# WHAT YOU HAVE TO DO
Look through the records below and copy each line that includes the word "lineweight".

_ _ _ _ _

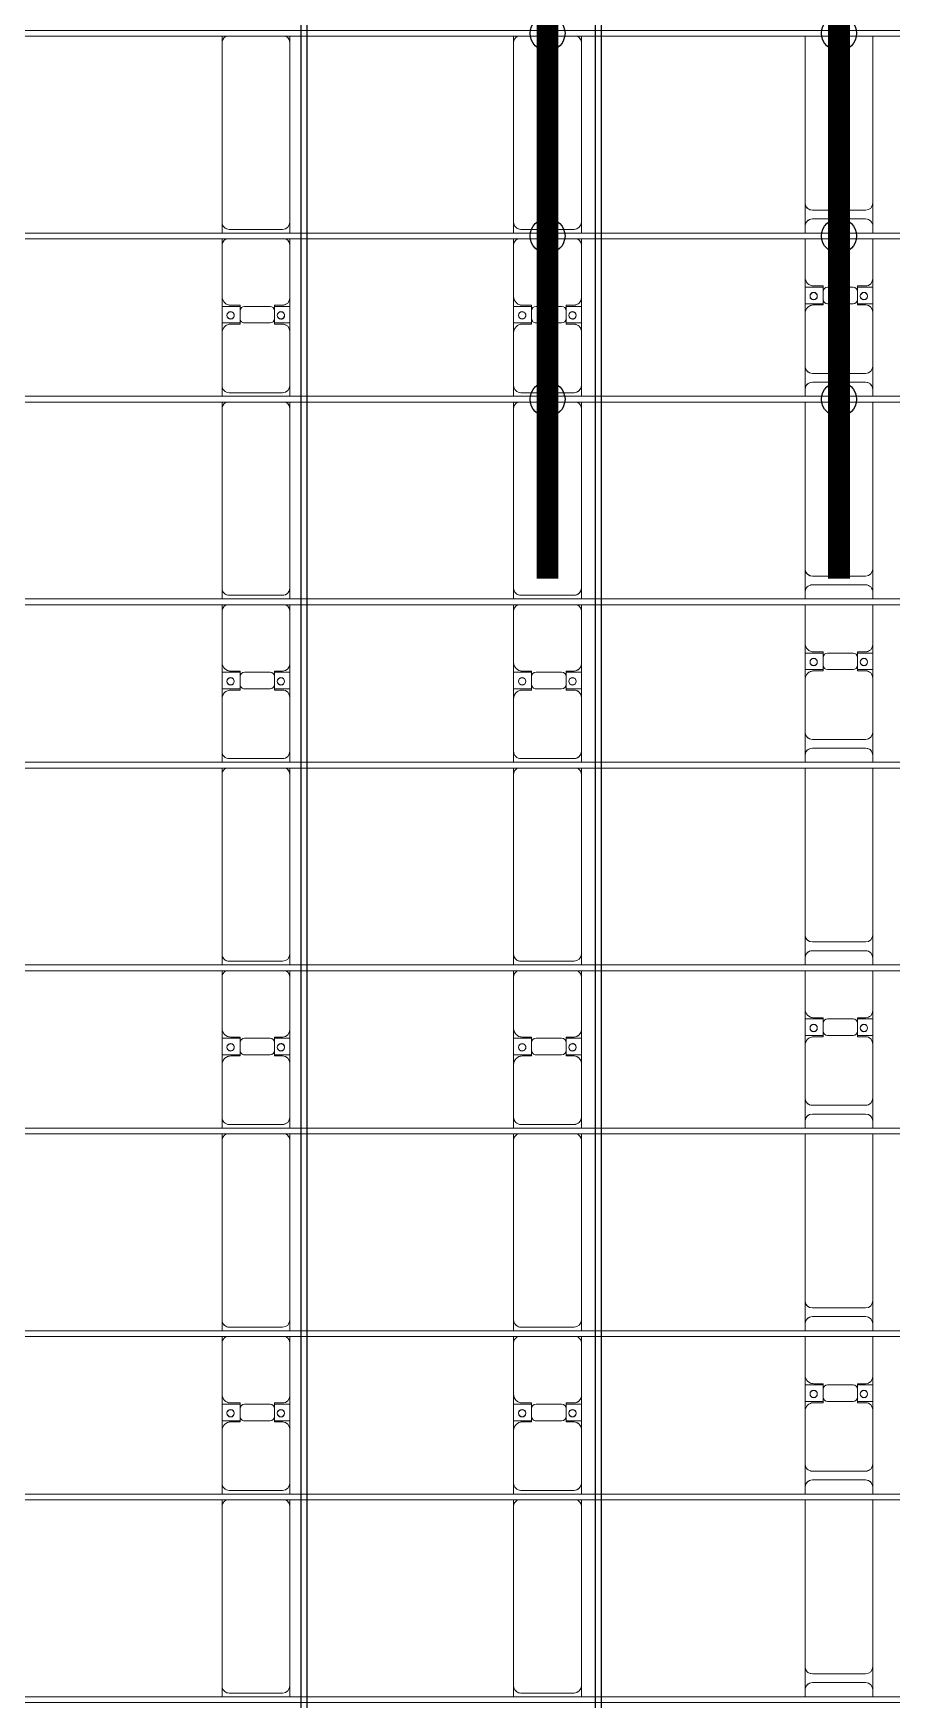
# Model space of a CAD drawing. Header units: millimetres. Extents: x -178706 to 107777, y -87310 to 933.
# Drawn here: x -48419 to -42530, y -64101 to -52671 of the extents above; entities that cross this region are included whole.
import ezdxf

# ---------------------------------------------------------------- set-up
doc = ezdxf.new("R2010")
doc.units = ezdxf.units.MM
doc.layers.add('A-GENM', color=13, linetype='Continuous', lineweight=9)
doc.layers.add('S-BEAM', color=12, linetype='Continuous', lineweight=9)
doc.layers.add('GC-HOP 40x60 GIA CUONG', color=1, linetype='Continuous')

# ---------------------------------------------------------------- blocks, each defined once
blk = doc.blocks.new('Dầm C52 - Dầm C52-22346-BỐ TRÍ KHUNG KẾT CẤU BÈ PIN 04')
at = {"layer": 'S-BEAM', "color": 1}
for p, q in [((-87623, 20), (87623, 20)), ((87623, -20), (-87623, -20))]:
    blk.add_line(p, q, dxfattribs=at)
blk = doc.blocks.new('Dầm C52 - Hộp 40x60-15956-BỐ TRÍ KHUNG KẾT CẤU BÈ PIN 04')
at = {"layer": 'S-BEAM', "color": 3, "lineweight": 25}
for p, q in [((-37158, 20), (37158, 20)), ((37158, -20), (-37158, -20))]:
    blk.add_line(p, q, dxfattribs=at)
blk = doc.blocks.new('Dai phao do pin - DẢI PHAO ĐỠ PIN-V68-BỐ TRÍ KHUNG KẾT CẤU BÈ PIN 04')
at = {"layer": 'A-GENM', "color": 7}
for p, q in [((11855, 242), (11930, 242)), ((13160, 242), (11930, 242)), ((13160, 242), (13205, 242)), ((13245, 242), (13320, 242)), ((13680, 242), (13320, 242)), ((13680, 242), (13862, 242)), ((13748, 242), (13930, 242)), ((13748, 118), (13748, 242)), ((13862, 242), (13862, 118)), ((14280, 242), (13930, 242)), ((14280, 242), (14325, 242)), ((14365, 242), (14440, 242)), ((15670, 242), (14440, 242)), ((15670, 242), (15715, 242)), ((15755, 242), (15830, 242)), ((16190, 242), (15830, 242)), ((16190, 242), (16372, 242)), ((16258, 242), (16440, 242)), ((16258, 118), (16258, 242)), ((16372, 242), (16372, 118)), ((16790, 242), (16440, 242)), ((16790, 242), (16835, 242)), ((16875, 242), (16950, 242)), ((18180, 242), (16950, 242)), ((18180, 242), (18225, 242)), ((18265, 242), (18340, 242)), ((18700, 242), (18340, 242)), ((18700, 242), (18882, 242)), ((18768, 242), (18950, 242)), ((18768, 118), (18768, 242)), ((18882, 242), (18882, 118)), ((19300, 242), (18950, 242)), ((19300, 242), (19345, 242)), ((19385, 242), (19460, 242)), ((20690, 242), (19460, 242)), ((20690, 242), (20735, 242)), ((20775, 242), (20850, 242)), ((21210, 242), (20850, 242)), ((21210, 242), (21392, 242)), ((21278, 242), (21460, 242)), ((21278, 118), (21278, 242)), ((21392, 242), (21392, 118)), ((21810, 242), (21460, 242)), ((21810, 242), (21855, 242)), ((21895, 242), (21970, 242)), ((23200, 242), (21970, 242)), ((23200, 242), (23245, 242)), ((11880, 192), (11880, -173)), ((13270, 192), (13270, -173)), ((13740, 118), (13740, 182)), ((13832, 118), (13740, 118)), ((13870, 118), (13778, 118)), ((13870, 182), (13870, 118)), ((14390, 192), (14390, -173)), ((15780, 192), (15780, -173)), ((16250, 118), (16250, 182)), ((16342, 118), (16250, 118)), ((16380, 118), (16288, 118)), ((16380, 182), (16380, 118)), ((16900, 192), (16900, -173)), ((18290, 192), (18290, -173)), ((18760, 118), (18760, 182)), ((18852, 118), (18760, 118)), ((18890, 118), (18798, 118)), ((18890, 182), (18890, 118)), ((19410, 192), (19410, -173)), ((20800, 192), (20800, -173)), ((21270, 118), (21270, 182)), ((21362, 118), (21270, 118)), ((21400, 118), (21308, 118)), ((21400, 182), (21400, 118)), ((21920, 192), (21920, -173)), ((13748, 88), (13748, -88)), ((13862, -88), (13862, 88)), ((16258, 88), (16258, -88)), ((16372, -88), (16372, 88)), ((18768, 88), (18768, -88)), ((18882, -88), (18882, 88)), ((21278, 88), (21278, -88)), ((21392, -88), (21392, 88)), ((11930, -223), (11855, -223)), ((11930, -223), (13160, -223)), ((13205, -223), (13160, -223)), ((13320, -223), (13245, -223)), ((13320, -223), (13690, -223)), ((13862, -223), (13690, -223)), ((13740, -173), (13740, -118)), ((13740, -118), (13832, -118)), ((13748, -223), (13748, -118)), ((13920, -223), (13748, -223)), ((13778, -118), (13870, -118)), ((13862, -118), (13862, -223)), ((13870, -118), (13870, -173)), ((13920, -223), (14280, -223)), ((14325, -223), (14280, -223)), ((14440, -223), (14365, -223)), ((14440, -223), (15670, -223)), ((15715, -223), (15670, -223)), ((15830, -223), (15755, -223)), ((15830, -223), (16200, -223)), ((16372, -223), (16200, -223)), ((16250, -173), (16250, -118)), ((16250, -118), (16342, -118)), ((16258, -223), (16258, -118)), ((16430, -223), (16258, -223)), ((16288, -118), (16380, -118)), ((16372, -118), (16372, -223)), ((16380, -118), (16380, -173)), ((16430, -223), (16790, -223)), ((16835, -223), (16790, -223)), ((16950, -223), (16875, -223)), ((16950, -223), (18180, -223)), ((18225, -223), (18180, -223)), ((18340, -223), (18265, -223)), ((18340, -223), (18710, -223)), ((18882, -223), (18710, -223)), ((18760, -173), (18760, -118)), ((18760, -118), (18852, -118)), ((18768, -223), (18768, -118)), ((18940, -223), (18768, -223)), ((18798, -118), (18890, -118)), ((18882, -118), (18882, -223)), ((18890, -118), (18890, -173)), ((18940, -223), (19300, -223)), ((19345, -223), (19300, -223)), ((19460, -223), (19385, -223)), ((19460, -223), (20690, -223)), ((20735, -223), (20690, -223)), ((20850, -223), (20775, -223)), ((20850, -223), (21220, -223)), ((21392, -223), (21220, -223)), ((21270, -173), (21270, -118)), ((21270, -118), (21362, -118)), ((21278, -223), (21278, -118)), ((21450, -223), (21278, -223)), ((21308, -118), (21400, -118)), ((21392, -118), (21392, -223)), ((21400, -118), (21400, -173)), ((21450, -223), (21810, -223)), ((21855, -223), (21810, -223)), ((21970, -223), (21895, -223)), ((21970, -223), (23200, -223)), ((23245, -223), (23200, -223))]:
    blk.add_line(p, q, dxfattribs=at)
for centre, radius, start, end in [((11930, 192), 50, 90, 180), ((11930, 192), 50, 105, 180), ((13160, 192), 50, 30, 90), ((13160, 192), 50, 30, 90), ((13320, 192), 50, 90, 180), ((13680, 182), 60, 0, 90), ((13930, 182), 60, 90, 180), ((14280, 192), 50, 30, 90), ((14440, 192), 50, 90, 180), ((14440, 192), 50, 105, 180), ((15670, 192), 50, 30, 90), ((15670, 192), 50, 30, 90), ((15830, 192), 50, 90, 180), ((16190, 182), 60, 0, 90), ((16440, 182), 60, 90, 180), ((16790, 192), 50, 30, 90), ((16950, 192), 50, 90, 180), ((16950, 192), 50, 105, 180), ((18180, 192), 50, 30, 90), ((18180, 192), 50, 30, 90), ((18340, 192), 50, 90, 180), ((18700, 182), 60, 0, 90), ((18950, 182), 60, 90, 180), ((19300, 192), 50, 30, 90), ((19460, 192), 50, 90, 180), ((19460, 192), 50, 105, 180), ((20690, 192), 50, 30, 90), ((20690, 192), 50, 30, 90), ((20850, 192), 50, 90, 180), ((21210, 182), 60, 360, 90), ((21460, 182), 60, 90, 180), ((21810, 192), 50, 30, 90), ((21970, 192), 50, 90, 180), ((21970, 192), 50, 105, 180), ((23200, 192), 50, 30, 90), ((23200, 192), 50, 30, 90), ((13320, 192), 50, 135, 180), ((13680, 182), 60, 0, 30), ((13778, 88), 30, 90, 180), ((13799, 183), 25, 360, 180), ((13799, 183), 25, 180, 360), ((13801, 183), 25, 0, 180), ((13801, 183), 25, 180, 360), ((13832, 88), 30, 360, 90), ((13930, 182), 60, 150, 180), ((14280, 192), 50, 30, 45), ((15830, 192), 50, 135, 180), ((16190, 182), 60, 0, 30), ((16288, 88), 30, 90, 180), ((16309, 183), 25, 0, 180), ((16309, 183), 25, 180, 0), ((16311, 183), 25, 0, 180), ((16311, 183), 25, 180, 360), ((16342, 88), 30, 360, 90), ((16440, 182), 60, 150, 180), ((16790, 192), 50, 30, 45), ((18340, 192), 50, 135, 180), ((18700, 182), 60, 0, 30), ((18798, 88), 30, 90, 180), ((18819, 183), 25, 0, 180), ((18819, 183), 25, 180, 360), ((18821, 183), 25, 360, 180), ((18821, 183), 25, 180, 360), ((18852, 88), 30, 360, 90), ((18950, 182), 60, 150, 180), ((19300, 192), 50, 30, 45), ((20850, 192), 50, 135, 180), ((21210, 182), 60, 360, 30), ((21308, 88), 30, 90, 180), ((21329, 183), 25, 360, 180), ((21329, 183), 25, 180, 360), ((21331, 183), 25, 360, 180), ((21331, 183), 25, 180, 0), ((21362, 88), 30, 360, 90), ((21460, 182), 60, 150, 180), ((21810, 192), 50, 30, 45), ((13778, -88), 30, 180, 270), ((13832, -88), 30, 270, 360), ((16288, -88), 30, 180, 270), ((16342, -88), 30, 270, 360), ((18798, -88), 30, 180, 270), ((18852, -88), 30, 270, 360), ((21308, -88), 30, 180, 270), ((21362, -88), 30, 270, 360), ((11930, -173), 50, 180, 270), ((11930, -173), 50, 180, 270), ((13160, -173), 50, 270, 330), ((13160, -173), 50, 285, 330), ((13320, -173), 50, 180, 270), ((13320, -173), 50, 180, 225), ((13690, -173), 50, 270, 360), ((13690, -173), 50, 315, 360), ((13799, -162), 25, 0, 180), ((13799, -162), 25, 180, 360), ((13801, -162), 25, 0, 180), ((13801, -162), 25, 180, 360), ((13920, -173), 50, 180, 270), ((13920, -173), 50, 180, 225), ((14280, -173), 50, 270, 330), ((14280, -173), 50, 315, 330), ((14440, -173), 50, 180, 270), ((14440, -173), 50, 180, 270), ((15670, -173), 50, 270, 330), ((15670, -173), 50, 285, 330), ((15830, -173), 50, 180, 270), ((15830, -173), 50, 180, 225), ((16200, -173), 50, 270, 360), ((16200, -173), 50, 315, 360), ((16309, -162), 25, 0, 180), ((16309, -162), 25, 180, 360), ((16311, -162), 25, 360, 180), ((16311, -162), 25, 180, 0), ((16430, -173), 50, 180, 270), ((16430, -173), 50, 180, 225), ((16790, -173), 50, 270, 330), ((16790, -173), 50, 315, 330), ((16950, -173), 50, 180, 270), ((16950, -173), 50, 180, 270), ((18180, -173), 50, 270, 330), ((18180, -173), 50, 285, 330), ((18340, -173), 50, 180, 270), ((18340, -173), 50, 180, 225), ((18710, -173), 50, 270, 360), ((18710, -173), 50, 315, 360), ((18819, -162), 25, 0, 180), ((18819, -162), 25, 180, 360), ((18821, -162), 25, 0, 180), ((18821, -162), 25, 180, 360), ((18940, -173), 50, 180, 270), ((18940, -173), 50, 180, 225), ((19300, -173), 50, 270, 330), ((19300, -173), 50, 315, 330), ((19460, -173), 50, 180, 270), ((19460, -173), 50, 180, 225), ((19460, -173), 50, 230.631, 270), ((20690, -173), 50, 270, 330), ((20690, -173), 50, 285, 330), ((20850, -173), 50, 180, 270), ((20850, -173), 50, 180, 225), ((21220, -173), 50, 270, 360), ((21220, -173), 50, 315, 360), ((21329, -162), 25, 0, 180), ((21329, -162), 25, 180, 0), ((21331, -162), 25, 0, 180), ((21331, -162), 25, 180, 360), ((21450, -173), 50, 180, 270), ((21450, -173), 50, 180, 225), ((21810, -173), 50, 270, 330), ((21810, -173), 50, 315, 330), ((21970, -173), 50, 180, 270), ((21970, -173), 50, 180, 270), ((23200, -173), 50, 270, 330), ((23200, -173), 50, 285, 330)]:
    blk.add_arc(centre, radius, start, end, dxfattribs=at)
blk = doc.blocks.new('Dai phao do pin - DẢI PHAO ĐỠ PIN-V69-BỐ TRÍ KHUNG KẾT CẤU BÈ PIN 04')
at = {"layer": 'A-GENM', "color": 7}
for p, q in [((11855, 242), (11930, 242)), ((13160, 242), (11930, 242)), ((13160, 242), (13205, 242)), ((13245, 242), (13320, 242)), ((13680, 242), (13320, 242)), ((13680, 242), (13862, 242)), ((13748, 242), (13930, 242)), ((13748, 118), (13748, 242)), ((13862, 242), (13862, 118)), ((14280, 242), (13930, 242)), ((14280, 242), (14325, 242)), ((14365, 242), (14440, 242)), ((15670, 242), (14440, 242)), ((15670, 242), (15715, 242)), ((15755, 242), (15830, 242)), ((16190, 242), (15830, 242)), ((16190, 242), (16372, 242)), ((16258, 242), (16440, 242)), ((16258, 118), (16258, 242)), ((16372, 242), (16372, 118)), ((16790, 242), (16440, 242)), ((16790, 242), (16835, 242)), ((16875, 242), (16950, 242)), ((18180, 242), (16950, 242)), ((18180, 242), (18225, 242)), ((18265, 242), (18340, 242)), ((18700, 242), (18340, 242)), ((18700, 242), (18882, 242)), ((18768, 242), (18950, 242)), ((18768, 118), (18768, 242)), ((18882, 242), (18882, 118)), ((19300, 242), (18950, 242)), ((19300, 242), (19345, 242)), ((19385, 242), (19460, 242)), ((20690, 242), (19460, 242)), ((20690, 242), (20735, 242)), ((20775, 242), (20850, 242)), ((21210, 242), (20850, 242)), ((21210, 242), (21392, 242)), ((21278, 242), (21460, 242)), ((21278, 118), (21278, 242)), ((21392, 242), (21392, 118)), ((21810, 242), (21460, 242)), ((21810, 242), (21855, 242)), ((21895, 242), (21970, 242)), ((23200, 242), (21970, 242)), ((23200, 242), (23245, 242)), ((11880, 192), (11880, -173)), ((13270, 192), (13270, -173)), ((13740, 118), (13740, 182)), ((13832, 118), (13740, 118)), ((13870, 118), (13778, 118)), ((13870, 182), (13870, 118)), ((14390, 192), (14390, -173)), ((15780, 192), (15780, -173)), ((16250, 118), (16250, 182)), ((16342, 118), (16250, 118)), ((16380, 118), (16288, 118)), ((16380, 182), (16380, 118)), ((16900, 192), (16900, -173)), ((18290, 192), (18290, -173)), ((18760, 118), (18760, 182)), ((18852, 118), (18760, 118)), ((18890, 118), (18798, 118)), ((18890, 182), (18890, 118)), ((19410, 192), (19410, -173)), ((20800, 192), (20800, -173)), ((21270, 118), (21270, 182)), ((21362, 118), (21270, 118)), ((21400, 118), (21308, 118)), ((21400, 182), (21400, 118)), ((21920, 192), (21920, -173)), ((13748, 88), (13748, -88)), ((13862, -88), (13862, 88)), ((16258, 88), (16258, -88)), ((16372, -88), (16372, 88)), ((18768, 88), (18768, -88)), ((18882, -88), (18882, 88)), ((21278, 88), (21278, -88)), ((21392, -88), (21392, 88)), ((11930, -223), (11855, -223)), ((11930, -223), (13160, -223)), ((13205, -223), (13160, -223)), ((13320, -223), (13245, -223)), ((13320, -223), (13690, -223)), ((13862, -223), (13690, -223)), ((13740, -173), (13740, -118)), ((13740, -118), (13832, -118)), ((13748, -223), (13748, -118)), ((13920, -223), (13748, -223)), ((13778, -118), (13870, -118)), ((13862, -118), (13862, -223)), ((13870, -118), (13870, -173)), ((13920, -223), (14280, -223)), ((14325, -223), (14280, -223)), ((14440, -223), (14365, -223)), ((14440, -223), (15670, -223)), ((15715, -223), (15670, -223)), ((15830, -223), (15755, -223)), ((15830, -223), (16200, -223)), ((16372, -223), (16200, -223)), ((16250, -173), (16250, -118)), ((16250, -118), (16342, -118)), ((16258, -223), (16258, -118)), ((16430, -223), (16258, -223)), ((16288, -118), (16380, -118)), ((16372, -118), (16372, -223)), ((16380, -118), (16380, -173)), ((16430, -223), (16790, -223)), ((16835, -223), (16790, -223)), ((16950, -223), (16875, -223)), ((16950, -223), (18180, -223)), ((18225, -223), (18180, -223)), ((18340, -223), (18265, -223)), ((18340, -223), (18710, -223)), ((18882, -223), (18710, -223)), ((18760, -173), (18760, -118)), ((18760, -118), (18852, -118)), ((18768, -223), (18768, -118)), ((18940, -223), (18768, -223)), ((18798, -118), (18890, -118)), ((18882, -118), (18882, -223)), ((18890, -118), (18890, -173)), ((18940, -223), (19300, -223)), ((19345, -223), (19300, -223)), ((19460, -223), (19385, -223)), ((19460, -223), (20690, -223)), ((20735, -223), (20690, -223)), ((20850, -223), (20775, -223)), ((20850, -223), (21220, -223)), ((21392, -223), (21220, -223)), ((21270, -173), (21270, -118)), ((21270, -118), (21362, -118)), ((21278, -223), (21278, -118)), ((21450, -223), (21278, -223)), ((21308, -118), (21400, -118)), ((21392, -118), (21392, -223)), ((21400, -118), (21400, -173)), ((21450, -223), (21810, -223)), ((21855, -223), (21810, -223)), ((21970, -223), (21895, -223)), ((21970, -223), (23200, -223)), ((23245, -223), (23200, -223))]:
    blk.add_line(p, q, dxfattribs=at)
for centre, radius, start, end in [((11930, 192), 50, 90, 180), ((11930, 192), 50, 105, 180), ((13160, 192), 50, 30, 90), ((13160, 192), 50, 30, 90), ((13320, 192), 50, 90, 180), ((13680, 182), 60, 0, 90), ((13930, 182), 60, 90, 180), ((14280, 192), 50, 30, 90), ((14440, 192), 50, 90, 180), ((14440, 192), 50, 105, 180), ((15670, 192), 50, 30, 90), ((15670, 192), 50, 30, 90), ((15830, 192), 50, 90, 180), ((16190, 182), 60, 0, 90), ((16440, 182), 60, 90, 180), ((16790, 192), 50, 30, 90), ((16950, 192), 50, 90, 180), ((16950, 192), 50, 105, 180), ((18180, 192), 50, 30, 90), ((18180, 192), 50, 30, 90), ((18340, 192), 50, 90, 180), ((18700, 182), 60, 0, 90), ((18950, 182), 60, 90, 180), ((19300, 192), 50, 30, 90), ((19460, 192), 50, 90, 180), ((19460, 192), 50, 105, 180), ((20690, 192), 50, 30, 90), ((20690, 192), 50, 30, 90), ((20850, 192), 50, 90, 180), ((21210, 182), 60, 360, 90), ((21460, 182), 60, 90, 180), ((21810, 192), 50, 30, 90), ((21970, 192), 50, 90, 180), ((21970, 192), 50, 105, 180), ((23200, 192), 50, 30, 90), ((23200, 192), 50, 30, 90), ((13320, 192), 50, 135, 180), ((13680, 182), 60, 0, 30), ((13778, 88), 30, 90, 180), ((13799, 183), 25, 360, 180), ((13799, 183), 25, 180, 360), ((13801, 183), 25, 0, 180), ((13801, 183), 25, 180, 360), ((13832, 88), 30, 360, 90), ((13930, 182), 60, 150, 180), ((14280, 192), 50, 30, 45), ((15830, 192), 50, 135, 180), ((16190, 182), 60, 0, 30), ((16288, 88), 30, 90, 180), ((16309, 183), 25, 0, 180), ((16309, 183), 25, 180, 0), ((16311, 183), 25, 0, 180), ((16311, 183), 25, 180, 360), ((16342, 88), 30, 360, 90), ((16440, 182), 60, 150, 180), ((16790, 192), 50, 30, 45), ((18340, 192), 50, 135, 180), ((18700, 182), 60, 0, 30), ((18798, 88), 30, 90, 180), ((18819, 183), 25, 0, 180), ((18819, 183), 25, 180, 360), ((18821, 183), 25, 360, 180), ((18821, 183), 25, 180, 360), ((18852, 88), 30, 360, 90), ((18950, 182), 60, 150, 180), ((19300, 192), 50, 30, 45), ((20850, 192), 50, 135, 180), ((21210, 182), 60, 360, 30), ((21308, 88), 30, 90, 180), ((21329, 183), 25, 360, 180), ((21329, 183), 25, 180, 360), ((21331, 183), 25, 360, 180), ((21331, 183), 25, 180, 0), ((21362, 88), 30, 360, 90), ((21460, 182), 60, 150, 180), ((21810, 192), 50, 30, 45), ((13778, -88), 30, 180, 270), ((13832, -88), 30, 270, 360), ((16288, -88), 30, 180, 270), ((16342, -88), 30, 270, 360), ((18798, -88), 30, 180, 270), ((18852, -88), 30, 270, 360), ((21308, -88), 30, 180, 270), ((21362, -88), 30, 270, 360), ((11930, -173), 50, 180, 270), ((11930, -173), 50, 180, 270), ((13160, -173), 50, 270, 330), ((13160, -173), 50, 285, 330), ((13320, -173), 50, 180, 270), ((13320, -173), 50, 180, 225), ((13690, -173), 50, 270, 360), ((13690, -173), 50, 315, 360), ((13799, -162), 25, 0, 180), ((13799, -162), 25, 180, 360), ((13801, -162), 25, 0, 180), ((13801, -162), 25, 180, 360), ((13920, -173), 50, 180, 270), ((13920, -173), 50, 180, 225), ((14280, -173), 50, 270, 330), ((14280, -173), 50, 315, 330), ((14440, -173), 50, 180, 270), ((14440, -173), 50, 180, 270), ((15670, -173), 50, 270, 330), ((15670, -173), 50, 285, 330), ((15830, -173), 50, 180, 270), ((15830, -173), 50, 180, 225), ((16200, -173), 50, 270, 360), ((16200, -173), 50, 315, 360), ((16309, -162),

_ _ _ _ _

# RESULT FOR THIS TASK
doc.layers.add('A-GENM', color=13, linetype='Continuous', lineweight=9)
doc.layers.add('S-BEAM', color=12, linetype='Continuous', lineweight=9)
at = {"layer": 'S-BEAM', "color": 3, "lineweight": 25}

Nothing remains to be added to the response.